Notice in the order by clause of the subquery that the three columns match exactly with the three columns in the index. That, combined with the fact that I only need to look at the values of those three columns to get the answer I'm looking for, allows the query planner to do an index-only scan. This is fast and avoids the IO overhead of reading rows from the quotes table.

New explain analyze output: https://explain.depesz.com/s/sj7t

Maybe window functions aren't what I needed in the first place. Is this the best that can be done?

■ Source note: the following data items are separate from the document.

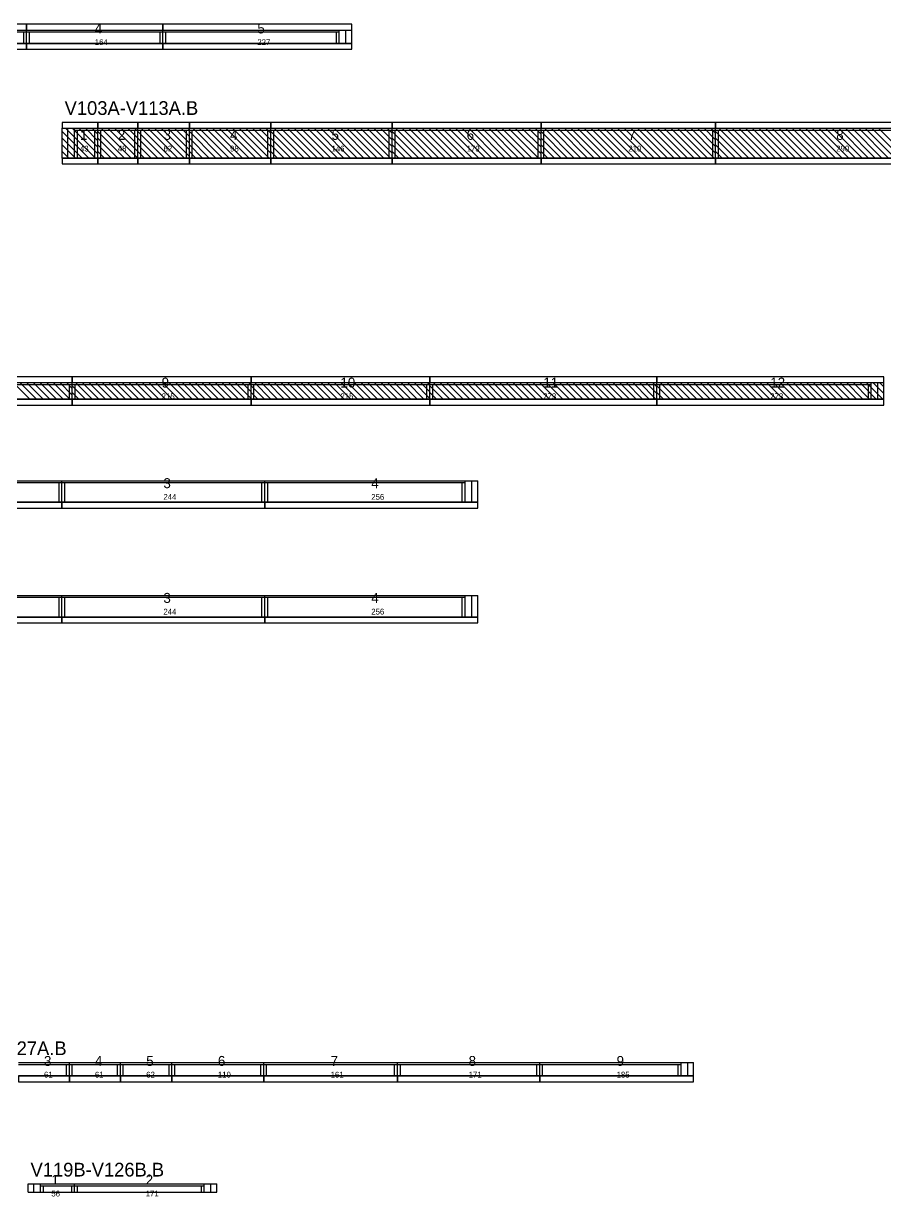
# Model space of a CAD drawing. Header units: metres. Extents: x -10 to 74425, y -2037 to 26.
# Drawn here: x 68877 to 69912, y -1981 to -570 of the extents above; entities that cross this region are included whole.
import ezdxf

# ---------------------------------------------------------------- set-up
doc = ezdxf.new("R2010")
doc.units = ezdxf.units.M
doc.layers.add('VIGAS', color=7, linetype='Continuous')

msp = doc.modelspace()

# ---------------------------------------------------------------- linework, layer by layer
at = {"layer": 'VIGAS'}
for p, q in [((68734.7, -578), (68880.7, -578)), ((68880.7, -594), (68880.7, -578)), ((68880.7, -594), (68880.7, -578)), ((68880.7, -578), (69044.7, -578)), ((68880.7, -594), (68880.7, -578)), ((68880.7, -594), (68880.7, -578)), ((68880.7, -594), (68880.7, -578)), ((69044.7, -594), (69044.7, -578)), ((69044.7, -594), (69044.7, -578)), ((69044.7, -578), (69271.7, -578)), ((69044.7, -594), (69044.7, -578)), ((69044.7, -594), (69044.7, -578)), ((69044.7, -594), (69044.7, -578)), ((69256.7, -594), (69256.7, -578)), ((69264.7, -594), (69264.7, -578)), ((69271.7, -594), (69271.7, -578)), ((68734.7, -580.2), (68880.7, -580.2)), ((68877.2, -594), (68877.2, -580.2)), ((68880.7, -580.2), (69044.7, -580.2)), ((68884.2, -594), (68884.2, -580.2)), ((69041.2, -594), (69041.2, -580.2)), ((69044.7, -580.2), (69256.7, -580.2)), ((69048.2, -594), (69048.2, -580.2)), ((69253.2, -594), (69253.2, -580.2)), ((68734.7, -594), (68880.7, -594)), ((68877.2, -594), (68880.7, -594)), ((68880.7, -594), (69044.7, -594)), ((68880.7, -594), (68884.2, -594)), ((69041.2, -594), (69044.7, -594)), ((69044.7, -594), (69271.7, -594)), ((69044.7, -594), (69048.2, -594)), ((69253.2, -594), (69256.7, -594)), ((68923.4, -696), (68966.4, -696)), ((68923.4, -732), (68923.4, -696)), ((68955.4, -732), (68923.4, -700)), ((68963.4, -732), (68927.4, -696)), ((68930.4, -732), (68930.4, -696)), ((68966.4, -727), (68935.4, -696)), ((68938.4, -732), (68938.4, -696)), ((68938.4, -698.2), (68966.4, -698.2)), ((68941.9, -732), (68941.9, -698.2)), ((68966.4, -719), (68943.4, -696)), ((68966.4, -711), (68951.4, -696)), ((68966.4, -703), (68959.4, -696)), ((68962.9, -732), (68962.9, -698.2)), ((68966.4, -732), (68966.4, -696)), ((68966.4, -732), (68966.4, -696)), ((68966.4, -696), (69014.4, -696)), ((68966.4, -732), (68966.4, -696)), ((68966.4, -732), (68966.4, -696)), ((68966.4, -732), (68966.4, -696)), ((68966.4, -698.2), (69014.4, -698.2)), ((68998.4, -732), (68966.4, -700)), ((68969.9, -732), (68969.9, -698.2)), ((69006.4, -732), (68970.4, -696)), ((69014.4, -732), (68978.4, -696)), ((69014.4, -724), (68986.4, -696)), ((69014.4, -716), (68994.4, -696)), ((69014.4, -708), (69002.4, -696)), ((69014.4, -700), (69010.4, -696)), ((69010.9, -732), (69010.9, -698.2)), ((69014.4, -732), (69014.4, -696)), ((69014.4, -732), (69014.4, -696)), ((69014.4, -696), (69076.4, -696)), ((69014.4, -732), (69014.4, -696)), ((69014.4, -732), (69014.4, -696)), ((69014.4, -732), (69014.4, -696)), ((69014.4, -698.2), (69076.4, -698.2)), ((69046.4, -732), (69014.4, -700)), ((69017.9, -732), (69017.9, -698.2)), ((69054.4, -732), (69018.4, -696)), ((69062.4, -732), (69026.4, -696)), ((69070.4, -732), (69034.4, -696)), ((69076.4, -730), (69042.4, -696)), ((69076.4, -722), (69050.4, -696)), ((69076.4, -714), (69058.4, -696)), ((69076.4, -706), (69066.4, -696)), ((69072.9, -732), (69072.9, -698.2)), ((69076.4, -698), (69074.4, -696)), ((69076.4, -732), (69076.4, -696)), ((69076.4, -732), (69076.4, -696)), ((69076.4, -696), (69174.4, -696)), ((69076.4, -732), (69076.4, -696)), ((69076.4, -732), (69076.4, -696)), ((69076.4, -732), (69076.4, -696)), ((69076.4, -698.2), (69174.4, -698.2)), ((69108.4, -732), (69076.4, -700)), ((69079.9, -732), (69079.9, -698.2)), ((69116.4, -732), (69080.4, -696)), ((69124.4, -732), (69088.4, -696)), ((69132.4, -732), (69096.4, -696)), ((69140.4, -732), (69104.4, -696)), ((69148.4, -732), (69112.4, -696)), ((69156.4, -732), (69120.4, -696)), ((69164.4, -732), (69128.4, -696)), ((69172.4, -732), (69136.4, -696)), ((69174.4, -726), (69144.4, -696)), ((69174.4, -718), (69152.4, -696)), ((69174.4, -710), (69160.4, -696)), ((69174.4, -702), (69168.4, -696)), ((69170.9, -732), (69170.9, -698.2)), ((69174.4, -732), (69174.4, -696)), ((69174.4, -732), (69174.4, -696)), ((69174.4, -696), (69320.4, -696)), ((69174.4, -732), (69174.4, -696)), ((69174.4, -732), (69174.4, -696)), ((69174.4, -732), (69174.4, -696)), ((69174.4, -698.2), (69320.4, -698.2)), ((69206.4, -732), (69174.4, -700)), ((69177.9, -732), (69177.9, -698.2)), ((69214.4, -732), (69178.4, -696)), ((69222.4, -732), (69186.4, -696)), ((69230.4, -732), (69194.4, -696)), ((69238.4, -732), (69202.4, -696)), ((69246.4, -732), (69210.4, -696)), ((69254.4, -732), (69218.4, -696)), ((69262.4, -732), (69226.4, -696)), ((69270.4, -732), (69234.4, -696)), ((69278.4, -732), (69242.4, -696)), ((69286.4, -732), (69250.4, -696)), ((69294.4, -732), (69258.4, -696)), ((69302.4, -732), (69266.4, -696)), ((69310.4, -732), (69274.4, -696)), ((69318.4, -732), (69282.4, -696)), ((69320.4, -726), (69290.4, -696)), ((69320.4, -718), (69298.4, -696)), ((69320.4, -710), (69306.4, -696)), ((69320.4, -702), (69314.4, -696)), ((69316.9, -732), (69316.9, -698.2)), ((69320.4, -732), (69320.4, -696)), ((69320.4, -732), (69320.4, -696)), ((69320.4, -696), (69499.4, -696)), ((69320.4, -732), (69320.4, -696)), ((69320.4, -732), (69320.4, -696)), ((69320.4, -732), (69320.4, -696)), ((69320.4, -698.2), (69499.4, -698.2)), ((69352.4, -732), (69320.4, -700)), ((69323.9, -732), (69323.9, -698.2)), ((69360.4, -732), (69324.4, -696)), ((69368.4, -732), (69332.4, -696)), ((69376.4, -732), (69340.4, -696)), ((69384.4, -732), (69348.4, -696)), ((69392.4, -732), (69356.4, -696)), ((69400.4, -732), (69364.4, -696)), ((69408.4, -732), (69372.4, -696)), ((69416.4, -732), (69380.4, -696)), ((69424.4, -732), (69388.4, -696)), ((69432.4, -732), (69396.4, -696)), ((69440.4, -732), (69404.4, -696)), ((69448.4, -732), (69412.4, -696)), ((69456.4, -732), (69420.4, -696)), ((69464.4, -732), (69428.4, -696)), ((69472.4, -732), (69436.4, -696)), ((69480.4, -732), (69444.4, -696)), ((69488.4, -732), (69452.4, -696)), ((69496.4, -732), (69460.4, -696)), ((69499.4, -727), (69468.4, -696)), ((69499.4, -719), (69476.4, -696)), ((69499.4, -711), (69484.4, -696)), ((69499.4, -703), (69492.4, -696)), ((69495.9, -732), (69495.9, -698.2)), ((69499.4, -732), (69499.4, -696)), ((69499.4, -732), (69499.4, -696)), ((69499.4, -696), (69709.4, -696)), ((69499.4, -732), (69499.4, -696)), ((69499.4, -732), (69499.4, -696)), ((69499.4, -732), (69499.4, -696)), ((69499.4, -698.2), (69709.4, -698.2)), ((69531.4, -732), (69499.4, -700)), ((69502.9, -732), (69502.9, -698.2)), ((69539.4, -732), (69503.4, -696)), ((69547.4, -732), (69511.4, -696)), ((69555.4, -732), (69519.4, -696)), ((69563.4, -732), (69527.4, -696)), ((69571.4, -732), (69535.4, -696)), ((69579.4, -732), (69543.4, -696)), ((69587.4, -732), (69551.4, -696)), ((69595.4, -732), (69559.4, -696)), ((69603.4, -732), (69567.4, -696)), ((69611.4, -732), (69575.4, -696)), ((69619.4, -732), (69583.4, -696)), ((69627.4, -732), (69591.4, -696)), ((69635.4, -732), (69599.4, -696)), ((69643.4, -732), (69607.4, -696)), ((69651.4, -732), (69615.4, -696)), ((69659.4, -732), (69623.4, -696)), ((69667.4, -732), (69631.4, -696)), ((69675.4, -732), (69639.4, -696)), ((69683.4, -732), (69647.4, -696)), ((69691.4, -732), (69655.4, -696)), ((69699.4, -732), (69663.4, -696)), ((69707.4, -732), (69671.4, -696)), ((69709.4, -726), (69679.4, -696)), ((69709.4, -718), (69687.4, -696)), ((69709.4, -710), (69695.4, -696)), ((69709.4, -702), (69703.4, -696)), ((69705.9, -732), (69705.9, -698.2)), ((69709.4, -732), (69709.4, -696)), ((69709.4, -732), (69709.4, -696)), ((69709.4, -696), (69999.4, -696)), ((69709.4, -732), (69709.4, -696)), ((69709.4, -732), (69709.4, -696)), ((69709.4, -732), (69709.4, -696)), ((69709.4, -698.2), (69984.4, -698.2)), ((69741.4, -732), (69709.4, -700)), ((69712.9, -732), (69712.9, -698.2)), ((69749.4, -732), (69713.4, -696)), ((69757.4, -732), (69721.4, -696)), ((69765.4, -732), (69729.4, -696)), ((69773.4, -732), (69737.4, -696)), ((69781.4, -732), (69745.4, -696)), ((69789.4, -732), (69753.4, -696)), ((69797.4, -732), (69761.4, -696)), ((69805.4, -732), (69769.4, -696)), ((69813.4, -732), (69777.4, -696)), ((69821.4, -732), (69785.4, -696)), ((69829.4, -732), (69793.4, -696)), ((69837.4, -732), (69801.4, -696)), ((69845.4, -732), (69809.4, -696)), ((69853.4, -732), (69817.4, -696)), ((69861.4, -732), (69825.4, -696)), ((69869.4, -732), (69833.4, -696)), ((69877.4, -732), (69841.4, -696)), ((69885.4, -732), (69849.4, -696)), ((69893.4, -732), (69857.4, -696)), ((69901.4, -732), (69865.4, -696)), ((69909.4, -732), (69873.4, -696)), ((69917.4, -732), (69881.4, -696)), ((69925.4, -732), (69889.4, -696)), ((69933.4, -732), (69897.4, -696)), ((69941.4, -732), (69905.4, -696)), ((68947.4, -732), (68923.4, -708)), ((68939.4, -732), (68923.4, -716)), ((68990.4, -732), (68966.4, -708)), ((68982.4, -732), (68966.4, -716)), ((69038.4, -732), (69014.4, -708)), ((69030.4, -732), (69014.4, -716)), ((69100.4, -732), (69076.4, -708)), ((69092.4, -732), (69076.4, -716)), ((69198.4, -732), (69174.4, -708)), ((69190.4, -732), (69174.4, -716)), ((69344.4, -732), (69320.4, -708)), ((69336.4, -732), (69320.4, -716)), ((69523.4, -732), (69499.4, -708)), ((69515.4, -732), (69499.4, -716)), ((69733.4, -732), (69709.4, -708)), ((69725.4, -732), (69709.4, -716)), ((68931.4, -732), (68923.4, -724)), ((68923.4, -732), (68966.4, -732)), ((68923.4, -732), (68923.4, -732)), ((68938.4, -732), (68941.9, -732)), ((68962.9, -732), (68966.4, -732)), ((68974.4, -732), (68966.4, -724)), ((68966.4, -732), (69014.4, -732)), ((68966.4, -732), (68969.9, -732)), ((68966.4, -732), (68966.4, -732)), ((69010.9, -732), (69014.4, -732)), ((69022.4, -732), (69014.4, -724)), ((69014.4, -732), (69076.4, -732)), ((69014.4, -732), (69017.9, -732)), ((69014.4, -732), (69014.4, -732)), ((69072.9, -732), (69076.4, -732)), ((69084.4, -732), (69076.4, -724)), ((69076.4, -732), (69174.4, -732)), ((69076.4, -732), (69079.9, -732)), ((69076.4, -732), (69076.4, -732)), ((69170.9, -732), (69174.4, -732)), ((69182.4, -732), (69174.4, -724)), ((69174.4, -732), (69320.4, -732)), ((69174.4, -732), (69177.9, -732)), ((69174.4, -732), (69174.4, -732)), ((69316.9, -732), (69320.4, -732)), ((69328.4, -732), (69320.4, -724)), ((69320.4, -732), (69499.4, -732)), ((69320.4, -732), (69323.9, -732)), ((69320.4, -732), (69320.4, -732)), ((69495.9, -732), (69499.4, -732)), ((69507.4, -732), (69499.4, -724)), ((69499.4, -732), (69709.4, -732)), ((69499.4, -732), (69502.9, -732)), ((69499.4, -732), (69499.4, -732)), ((69705.9, -732), (69709.4, -732)), ((69717.4, -732), (69709.4, -724)), ((69709.4, -732), (69999.4, -732)), ((69709.4, -732), (69712.9, -732)), ((69709.4, -732), (69709.4, -732)), ((68732.6, -1002), (68935.6, -1002)), ((68732.6, -1004.2), (68935.6, -1004.2)), ((68884.6, -1022), (68864.6, -1002)), ((68892.6, -1022), (68872.6, -1002)), ((68900.6, -1022), (68880.6, -1002)), ((68908.6, -1022), (68888.6, -1002)), ((68916.6, -1022), (68896.6, -1002)), ((68924.6, -1022), (68904.6, -1002)), ((68932.6, -1022), (68912.6, -1002)), ((68935.6, -1017), (68920.6, -1002)), ((68935.6, -1009), (68928.6, -1002)), ((68932.1, -1022), (68932.1, -1004.2)), ((68935.6, -1022), (68935.6, -1002)), ((68935.6, -1022), (68935.6, -1002)), ((68935.6, -1002), (69150.6, -1002)), ((68935.6, -1022), (68935.6, -1002)), ((68935.6, -1022), (68935.6, -1002)), ((68935.6, -1022), (68935.6, -1002)), ((68935.6, -1004.2), (69150.6, -1004.2)), ((68951.6, -1022), (68935.6, -1006)), ((68943.6, -1022), (68935.6, -1014)), ((68939.1, -1022), (68939.1, -1004.2)), ((68959.6, -1022), (68939.6, -1002)), ((68967.6, -1022), (68947.6, -1002)), ((68975.6, -1022), (68955.6, -1002)), ((68983.6, -1022), (68963.6, -1002)), ((68991.6, -1022), (68971.6, -1002)), ((68999.6, -1022), (68979.6, -1002)), ((69007.6, -1022), (68987.6, -1002)), ((69015.6, -1022), (68995.6, -1002)), ((69023.6, -1022), (69003.6, -1002)), ((69031.6, -1022), (69011.6, -1002)), ((69039.6, -1022), (69019.6, -1002)), ((69047.6, -1022), (69027.6, -1002)), ((69055.6, -1022), (69035.6, -1002)), ((69063.6, -1022), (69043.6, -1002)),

How to optimize this SQL query?

The following recommendations will help you in your SQL tuning process.
You'll find 3 sections below:

  1. Description of the steps you can take to speed up the query.
  2. The optimal indexes for this query, which you can copy and create in your database.
  3. An automatically re-written query you can copy and execute in your database.
The optimization process and recommendations:
  1. Avoid Subqueries (query line: 5): We advise against using subqueries as they are not optimized well by the optimizer. Therefore, it's recommended to join a newly created temporary table that holds the data, which also includes the relevant search index.
  2. Avoid Subqueries (query line: 15): We advise against using subqueries as they are not optimized well by the optimizer. Therefore, it's recommended to join a newly created temporary table that holds the data, which also includes the relevant search index.
  3. Avoid Subqueries (query line: 23): We advise against using subqueries as they are not optimized well by the optimizer. Therefore, it's recommended to join a newly created temporary table that holds the data, which also includes the relevant search index.
  4. Create Optimal Indexes (modified query below): The recommended indexes are an integral part of this optimization effort and should be created before testing the execution duration of the optimized query.
  5. Push Filtering Conditions Into Subqueries (modified query below): Parts of the WHERE clause can pushed from the outer query to a subquery / union clause. Applying those conditions as early as possible will allow the database to scan less data and run the query more efficiently.
Optimal indexes for this query:
CREATE INDEX v_quotes_idx_symbol_adj_close_trade_date ON "v_quotes" ("symbol","adj_close" desc,"trade_date" desc);
CREATE INDEX v_quotes_idx_trade_date ON "v_quotes" ("trade_date");
The optimized query:
SELECT
        tmp.trade_date,
        count(*) 
    FROM
        (SELECT
            DISTINCT 
                ON (symbol) v_quotes.symbol,
                v_quotes.trade_date,
                v_quotes.adj_close 
        FROM
            v_quotes 
        WHERE
            (
                v_quotes.trade_date >= (
                    SELECT
                        max(v_quotes.trade_date) 
                    FROM
                        v_quotes
                ) - INTERVAL '1 year'
            ) 
            AND (
                v_quotes.trade_date = (
                    SELECT
                        max(v_quotes.trade_date) 
                    FROM
                        v_quotes
                )
            ) 
        ORDER BY
            v_quotes.symbol,
            v_quotes.adj_close DESC,
            v_quotes.trade_date DESC) AS tmp 
        WHERE
            1 = 1 
        GROUP BY
            tmp.trade_date

Related Articles



* original question posted on StackOverflow here.